- Andrea Township, Minnesota Location within the state of Minnesota Andrea Township, Minnesota Andrea Township, Minnesota (the United States)
- Coordinates: 46°20′0″N 96°21′14″W﻿ / ﻿46.33333°N 96.35389°W
- Country: United States
- State: Minnesota
- County: Wilkin

Area
- • Total: 35.4 sq mi (91.8 km^{2})
- • Land: 35.4 sq mi (91.8 km^{2})
- • Water: 0 sq mi (0.0 km^{2})
- Elevation: 1,020 ft (311 m)

Population (2000)
- • Total: 70
- • Density: 2.1/sq mi (0.8/km^{2})
- Time zone: UTC-6 (Central (CST))
- • Summer (DST): UTC-5 (CDT)
- FIPS code: 27-01522
- GNIS feature ID: 0663434

= Andrea Township, Wilkin County, Minnesota =

Andrea Township is a township in Wilkin County, Minnesota, United States.
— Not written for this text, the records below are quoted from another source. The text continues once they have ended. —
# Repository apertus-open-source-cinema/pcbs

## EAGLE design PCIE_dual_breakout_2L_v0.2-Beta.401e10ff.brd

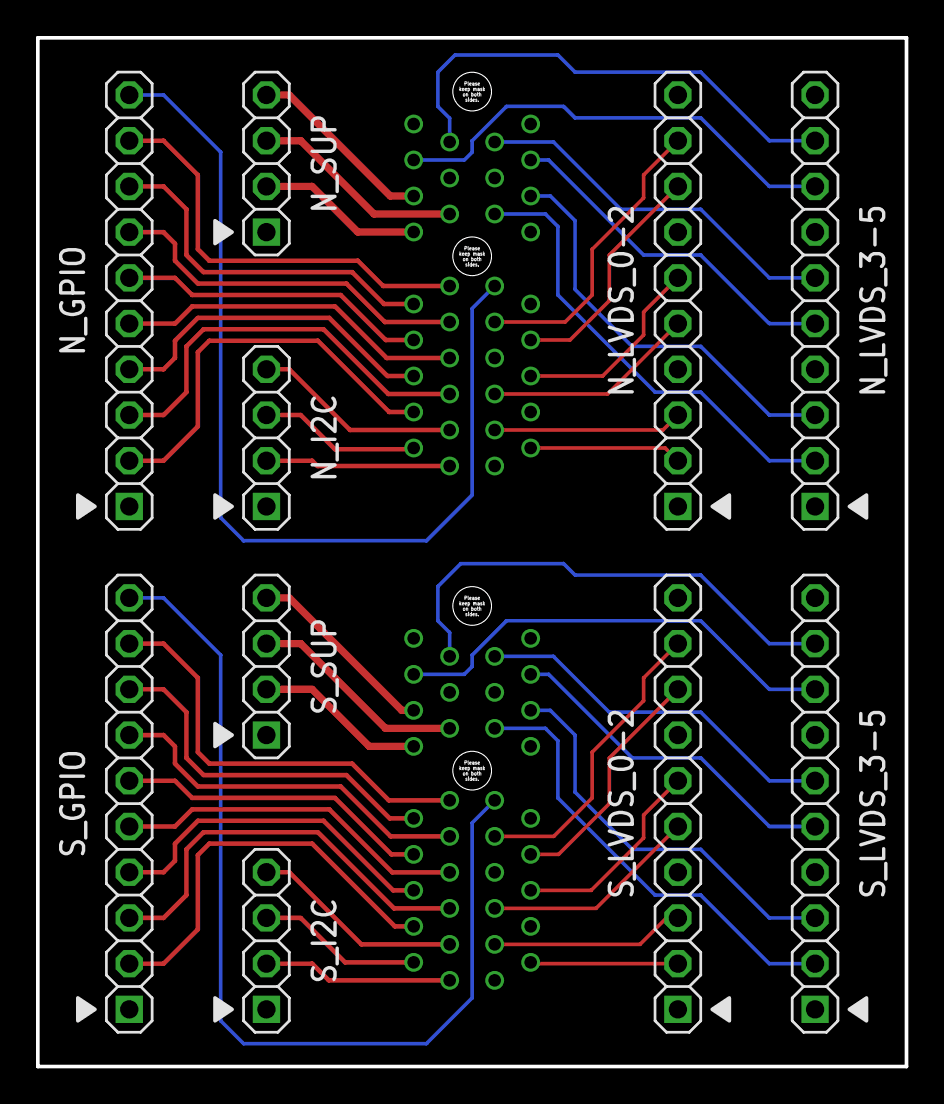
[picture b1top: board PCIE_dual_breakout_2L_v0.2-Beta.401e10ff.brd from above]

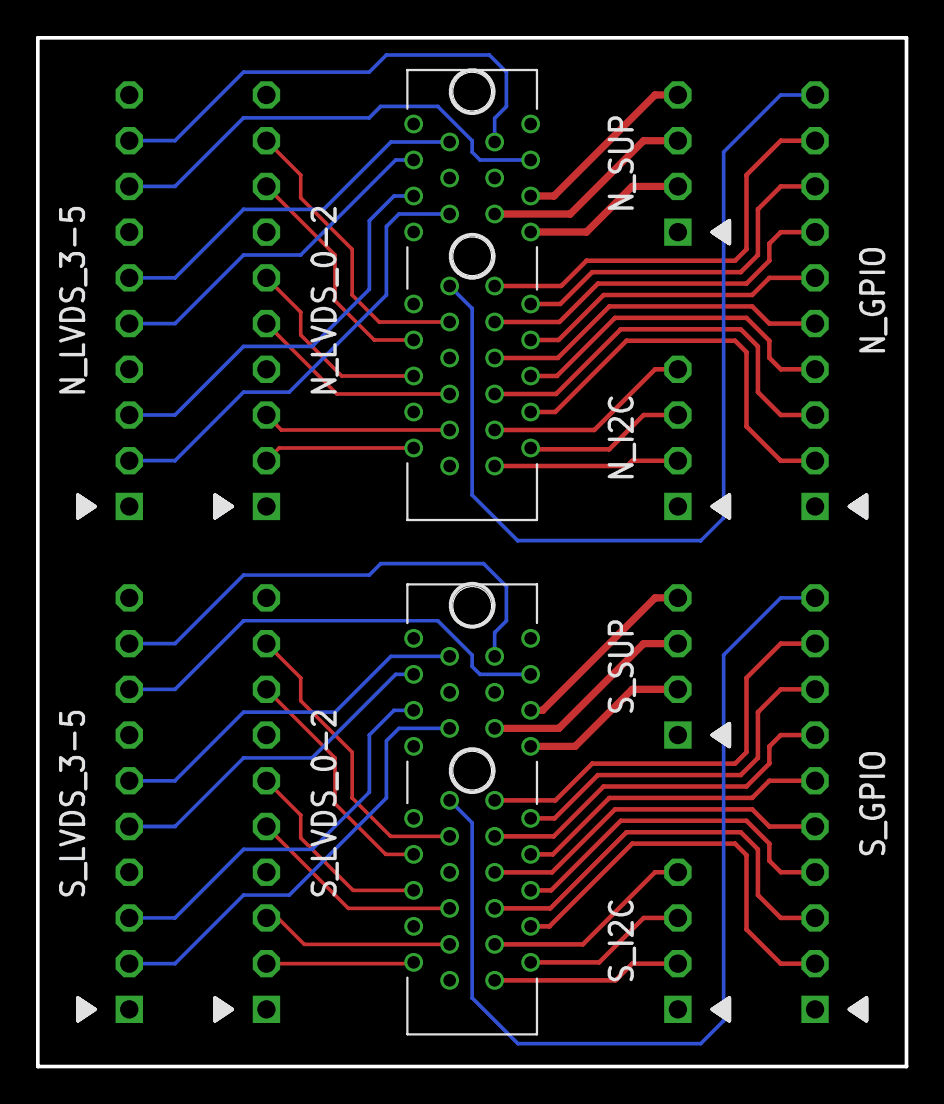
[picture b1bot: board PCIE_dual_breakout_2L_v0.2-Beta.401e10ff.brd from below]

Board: 2 copper layers, 48.3 x 57.1 mm, 12 parts (2 on the bottom side), 54 nets.

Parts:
N_GPIO: 1X10-S
N_I2C: 1X04-S
N_LVDS_0-2, N_LVDS_3-5: 1X10-S
N_SUP: 1X04-S
PCIE-NORTH: PCIE-36-AXIOM-SOCKET; PCIE-36
PCIE-SOUTH: PCIE-36-AXIOM-SOCKET; PCIE-36
S_GPIO: 1X10-S
S_I2C: 1X04-S
S_LVDS_0-2, S_LVDS_3-5: 1X10-S
S_SUP: 1X04-S

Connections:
GND: N_GPIO.1, N_I2C.1, N_LVDS_0-2.1, N_LVDS_0-2.4, N_LVDS_0-2.7, N_LVDS_0-2.10, N_LVDS_3-5.1, N_LVDS_3-5.4, N_LVDS_3-5.7, N_LVDS_3-5.10, N_SUP.1, PCIE-NORTH.A1, PCIE-NORTH.A4, PCIE-NORTH.A7, PCIE-NORTH.A10, PCIE-NORTH.A12, PCIE-NORTH.A15, PCIE-NORTH.A18, PCIE-NORTH.B15, PCIE-NORTH.B18, PCIE-SOUTH.A1, PCIE-SOUTH.A4, PCIE-SOUTH.A7, PCIE-SOUTH.A10, PCIE-SOUTH.A12, PCIE-SOUTH.A15, PCIE-SOUTH.A18, PCIE-SOUTH.B15, PCIE-SOUTH.B18, S_GPIO.1, S_I2C.1, S_LVDS_0-2.1, S_LVDS_0-2.4, S_LVDS_0-2.7, S_LVDS_0-2.10, S_LVDS_3-5.1, S_LVDS_3-5.4, S_LVDS_3-5.7, S_LVDS_3-5.10, S_SUP.1
N_LVDS_0A: N_LVDS_0-2.2, PCIE-NORTH.A2
N_LVDS_0B: N_LVDS_0-2.3, PCIE-NORTH.A3
N_LVDS_1A: N_LVDS_0-2.5, PCIE-NORTH.A5
N_LVDS_1B: N_LVDS_0-2.6, PCIE-NORTH.A6
N_LVDS_2A: N_LVDS_0-2.8, PCIE-NORTH.A8
N_LVDS_2B: N_LVDS_0-2.9, PCIE-NORTH.A9
N_LVDS_3A: N_LVDS_3-5.2, PCIE-NORTH.A13
N_LVDS_3B: N_LVDS_3-5.3, PCIE-NORTH.A14
N_LVDS_4A: N_LVDS_3-5.5, PCIE-NORTH.A16
N_LVDS_4B: N_LVDS_3-5.6, PCIE-NORTH.A17
N_LVDS_5A: N_LVDS_3-5.8, PCIE-NORTH.B16
N_LVDS_5B: N_LVDS_3-5.9, PCIE-NORTH.B17
N_PWRGD: N_GPIO.10, PCIE-NORTH.A11
PCIE_I2C_V: N_I2C.4, PCIE-NORTH.B3, PCIE-SOUTH.B3, S_I2C.4
PCIE_N_5V: N_SUP.2, PCIE-NORTH.B12
PCIE_N_IO0: N_GPIO.2, PCIE-NORTH.B4
PCIE_N_IO1: N_GPIO.3, PCIE-NORTH.B5
PCIE_N_IO2: N_GPIO.4, PCIE-NORTH.B6
PCIE_N_IO3: N_GPIO.5, PCIE-NORTH.B7
PCIE_N_IO4: N_GPIO.6, PCIE-NORTH.B8
PCIE_N_IO5: N_GPIO.7, PCIE-NORTH.B9
PCIE_N_IO6: N_GPIO.8, PCIE-NORTH.B10
PCIE_N_IO7: N_GPIO.9, PCIE-NORTH.B11
PCIE_N_SCL: N_I2C.3, PCIE-NORTH.B2
PCIE_N_SDA: N_I2C.2, PCIE-NORTH.B1
PCIE_N_V: N_SUP.3, PCIE-NORTH.B13
PCIE_N_VCCIO: N_SUP.4, PCIE-NORTH.B14
PCIE_S_5V: PCIE-SOUTH.B12, S_SUP.2
PCIE_S_IO0: PCIE-SOUTH.B4, S_GPIO.2
PCIE_S_IO1: PCIE-SOUTH.B5, S_GPIO.3
PCIE_S_IO2: PCIE-SOUTH.B6, S_GPIO.4
PCIE_S_IO3: PCIE-SOUTH.B7, S_GPIO.5
PCIE_S_IO4: PCIE-SOUTH.B8, S_GPIO.6
PCIE_S_IO5: PCIE-SOUTH.B9, S_GPIO.7
PCIE_S_IO6: PCIE-SOUTH.B10, S_GPIO.8
PCIE_S_IO7: PCIE-SOUTH.B11, S_GPIO.9
PCIE_S_SCL: PCIE-SOUTH.B2, S_I2C.3
PCIE_S_SDA: PCIE-SOUTH.B1, S_I2C.2
PCIE_S_V: PCIE-SOUTH.B13, S_SUP.3
PCIE_S_VCCIO: PCIE-SOUTH.B14, S_SUP.4
S_LVDS_0A: PCIE-SOUTH.A2, S_LVDS_0-2.2
S_LVDS_0B: PCIE-SOUTH.A3, S_LVDS_0-2.3
S_LVDS_1A: PCIE-SOUTH.A5, S_LVDS_0-2.5
S_LVDS_1B: PCIE-SOUTH.A6, S_LVDS_0-2.6
S_LVDS_2A: PCIE-SOUTH.A8, S_LVDS_0-2.8
S_LVDS_2B: PCIE-SOUTH.A9, S_LVDS_0-2.9
S_LVDS_3A: PCIE-SOUTH.A13, S_LVDS_3-5.2
S_LVDS_3B: PCIE-SOUTH.A14, S_LVDS_3-5.3
S_LVDS_4A: PCIE-SOUTH.A16, S_LVDS_3-5.5
S_LVDS_4B: PCIE-SOUTH.A17, S_LVDS_3-5.6
S_LVDS_5A: PCIE-SOUTH.B16, S_LVDS_3-5.8
S_LVDS_5B: PCIE-SOUTH.B17, S_LVDS_3-5.9
S_PWRGD: PCIE-SOUTH.A11, S_GPIO.10

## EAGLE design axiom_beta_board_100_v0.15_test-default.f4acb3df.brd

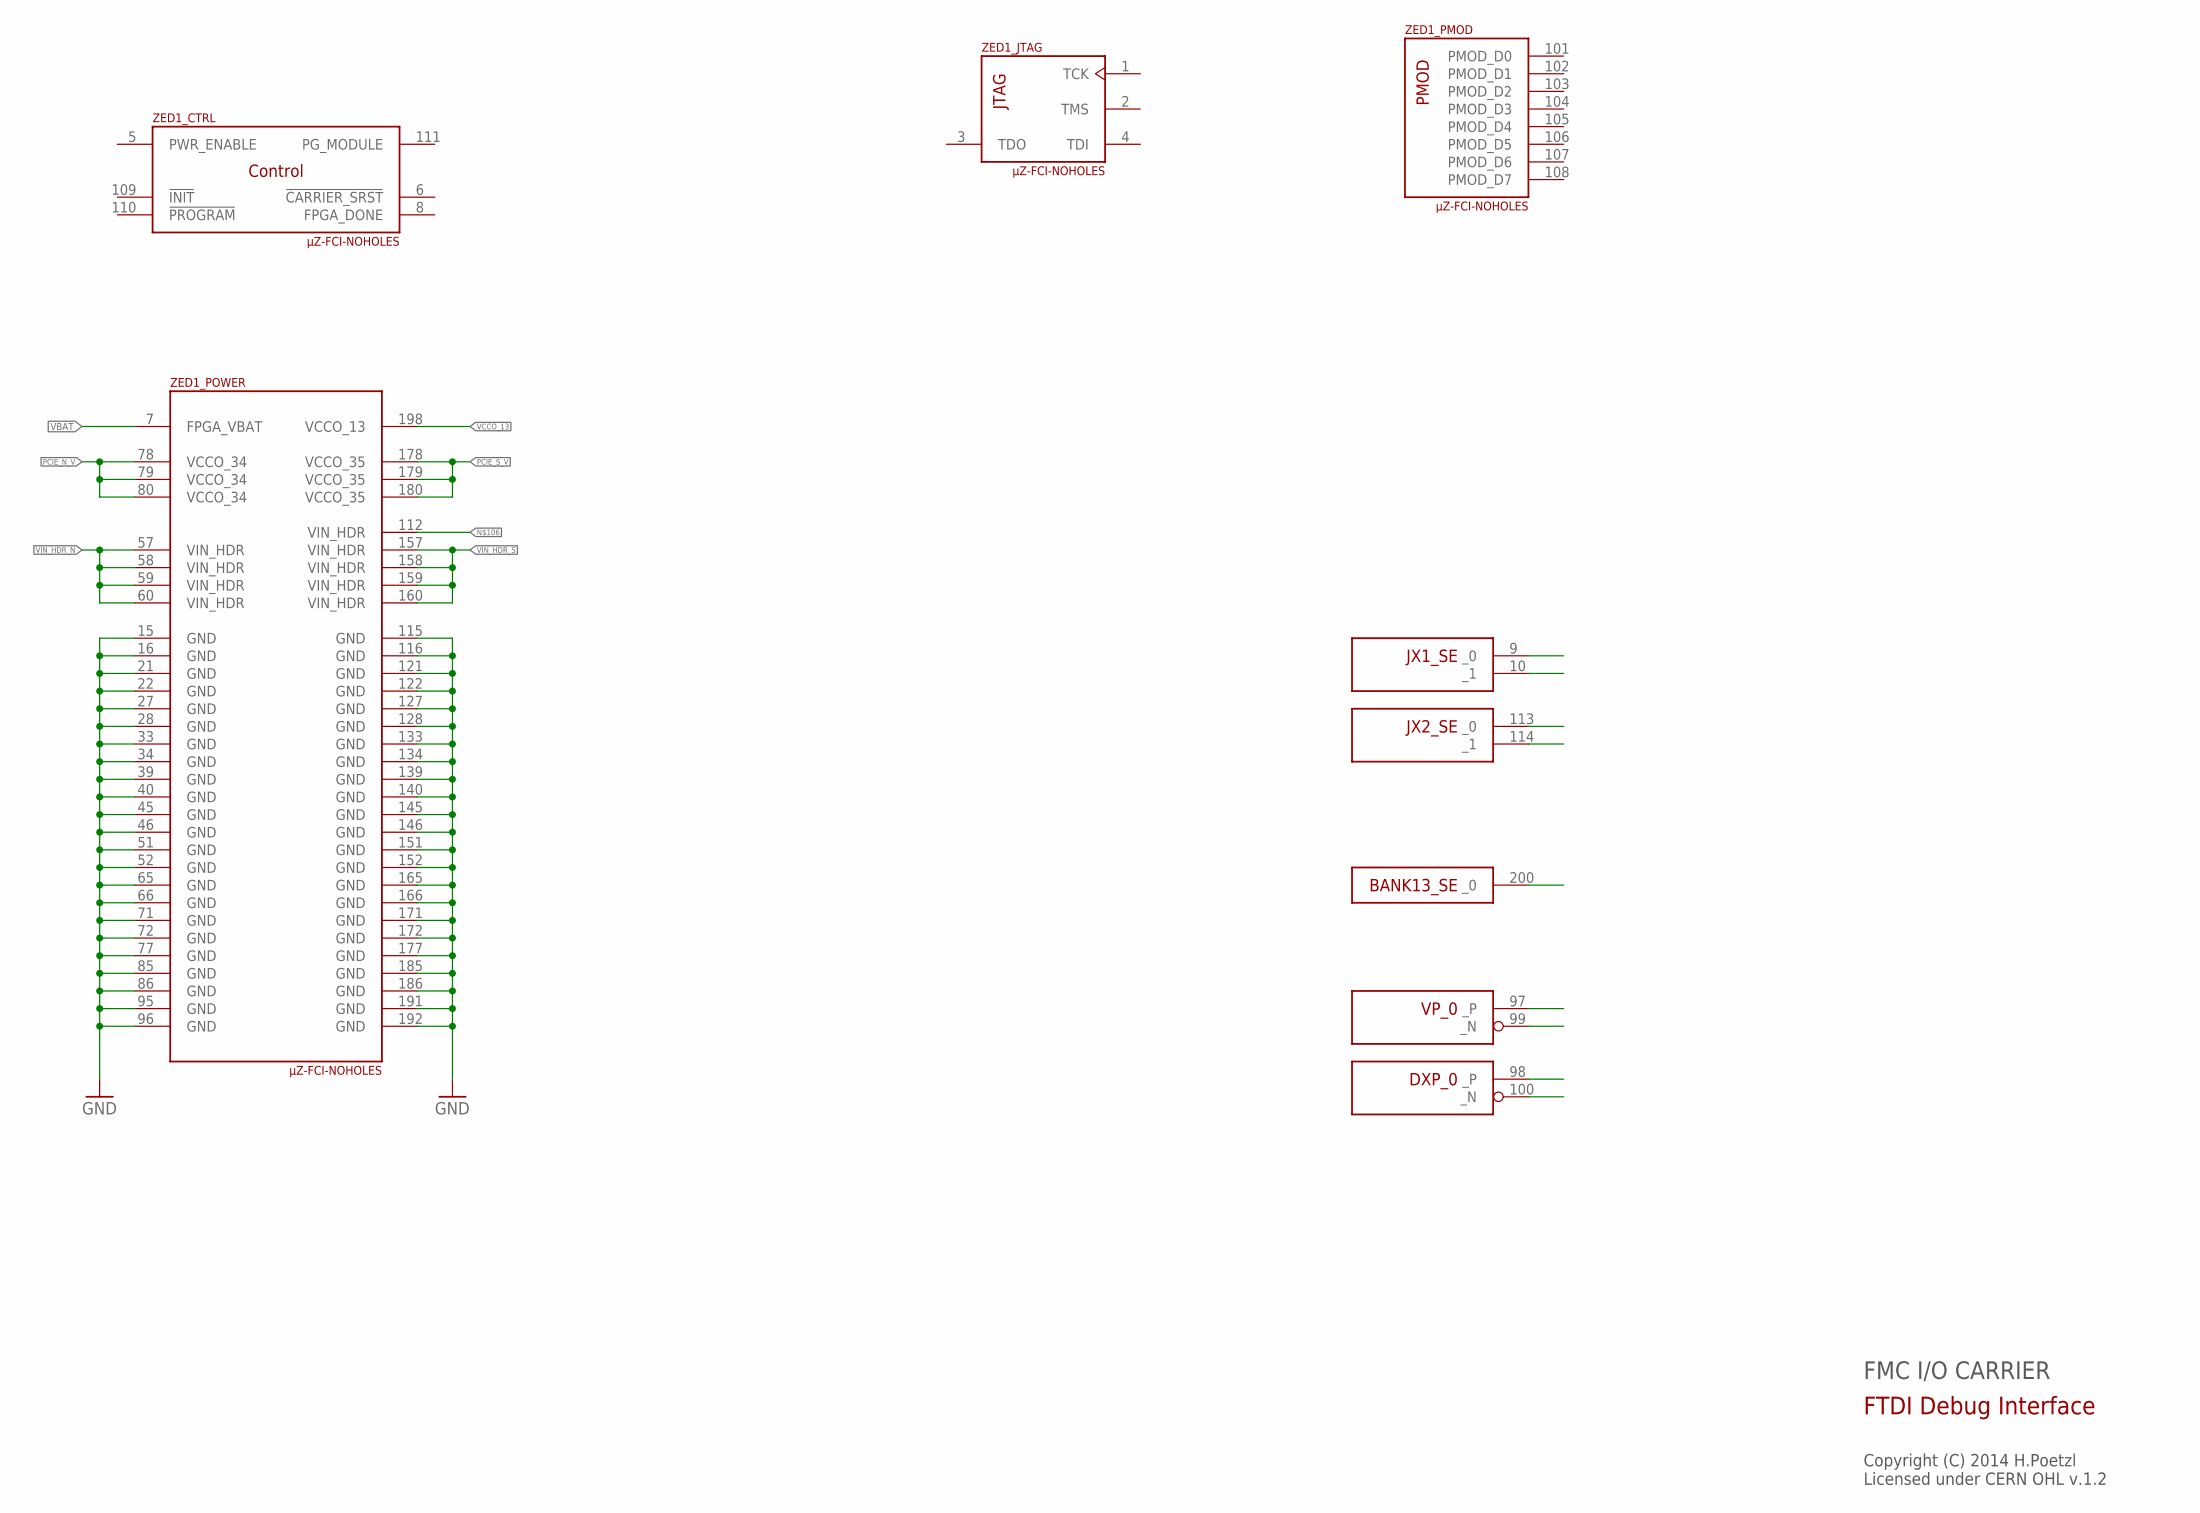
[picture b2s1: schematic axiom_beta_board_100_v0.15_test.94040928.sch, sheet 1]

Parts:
ZED1: µZ-FCI-NOHOLES; µZ-NOHOLES

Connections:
GND: ZED1.15 (GND), ZED1.16 (GND), ZED1.21 (GND), ZED1.22 (GND), ZED1.27 (GND), ZED1.28 (GND), ZED1.33 (GND), ZED1.34 (GND), ZED1.39 (GND), ZED1.40 (GND), ZED1.45 (GND), ZED1.46 (GND), ZED1.51 (GND), ZED1.52 (GND), ZED1.65 (GND), ZED1.66 (GND), ZED1.71 (GND), ZED1.72 (GND), ZED1.77 (GND), ZED1.85 (GND), ZED1.86 (GND), ZED1.95 (GND), ZED1.96 (GND), ZED1.115 (GND), ZED1.116 (GND), ZED1.121 (GND), ZED1.122 (GND), ZED1.127 (GND), ZED1.128 (GND), ZED1.133 (GND), ZED1.134 (GND), ZED1.139 (GND), ZED1.140 (GND), ZED1.145 (GND), ZED1.146 (GND), ZED1.151 (GND), ZED1.152 (GND), ZED1.165 (GND), ZED1.166 (GND), ZED1.171 (GND), ZED1.172 (GND), ZED1.177 (GND), ZED1.185 (GND), ZED1.186 (GND), ZED1.191 (GND), ZED1.192 (GND); also elsewhere on the board
unnamed 266: ZED1.112 (VIN_HDR); also elsewhere on the board
PCIE_N_V: ZED1.78 (VCCO_34), ZED1.79 (VCCO_34), ZED1.80 (VCCO_34); also elsewhere on the board
PCIE_S_V: ZED1.178 (VCCO_35), ZED1.179 (VCCO_35), ZED1.180 (VCCO_35); also elsewhere on the board
VBAT: ZED1.7 (FPGA_VBAT); also elsewhere on the board
VCCO_13: ZED1.198 (VCCO_13)
VIN_HDR_N: ZED1.57 (VIN_HDR), ZED1.58 (VIN_HDR), ZED1.59 (VIN_HDR), ZED1.60 (VIN_HDR); also elsewhere on the board
VIN_HDR_S: ZED1.157 (VIN_HDR), ZED1.158 (VIN_HDR), ZED1.159 (VIN_HDR), ZED1.160 (VIN_HDR); also elsewhere on the board

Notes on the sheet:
FMC I/O CARRIER
Copyright (C) 2014 H.Poetzl Licensed under CERN OHL v.1.2
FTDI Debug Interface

The population was 70 at the 2000 census.

Andrea Township was named for Andrea Heider, a homesteader.

==Geography==
According to the United States Census Bureau, the township has a total area of 35.4 sqmi, all land.

==Demographics==
As of the census of 2000, there were 70 people, 26 households, and 17 families residing in the township. The population density was 2.0 PD/sqmi. There were 29 housing units at an average density of 0.8 /sqmi. The racial makeup of the township was 94.29% White, 1.43% Native American, 2.86% Asian, and 1.43% from two or more races. Hispanic or Latino of any race were 4.29% of the population.

There were 26 households, out of which 38.5% had children under the age of 18 living with them, 69.2% were married couples living together, and 30.8% were non-families. 30.8% of all households were made up of individuals, and 19.2% had someone living alone who was 65 years of age or older. The average household size was 2.69 and the average family size was 3.22.

In the township the population was spread out, with 31.4% under the age of 18, 5.7% from 18 to 24, 24.3% from 25 to 44, 28.6% from 45 to 64, and 10.0% who were 65 years of age or older. The median age was 36 years. For every 100 females, there were 133.3 males. For every 100 females age 18 and over, there were 108.7 males.

The median income for a household in the township was $43,333, and the median income for a family was $52,500. Males had a median income of $35,000 versus $20,625 for females. The per capita income for the township was $14,048. There were no families and 2.7% of the population living below the poverty line, including no under eighteens and 33.3% of those over 64.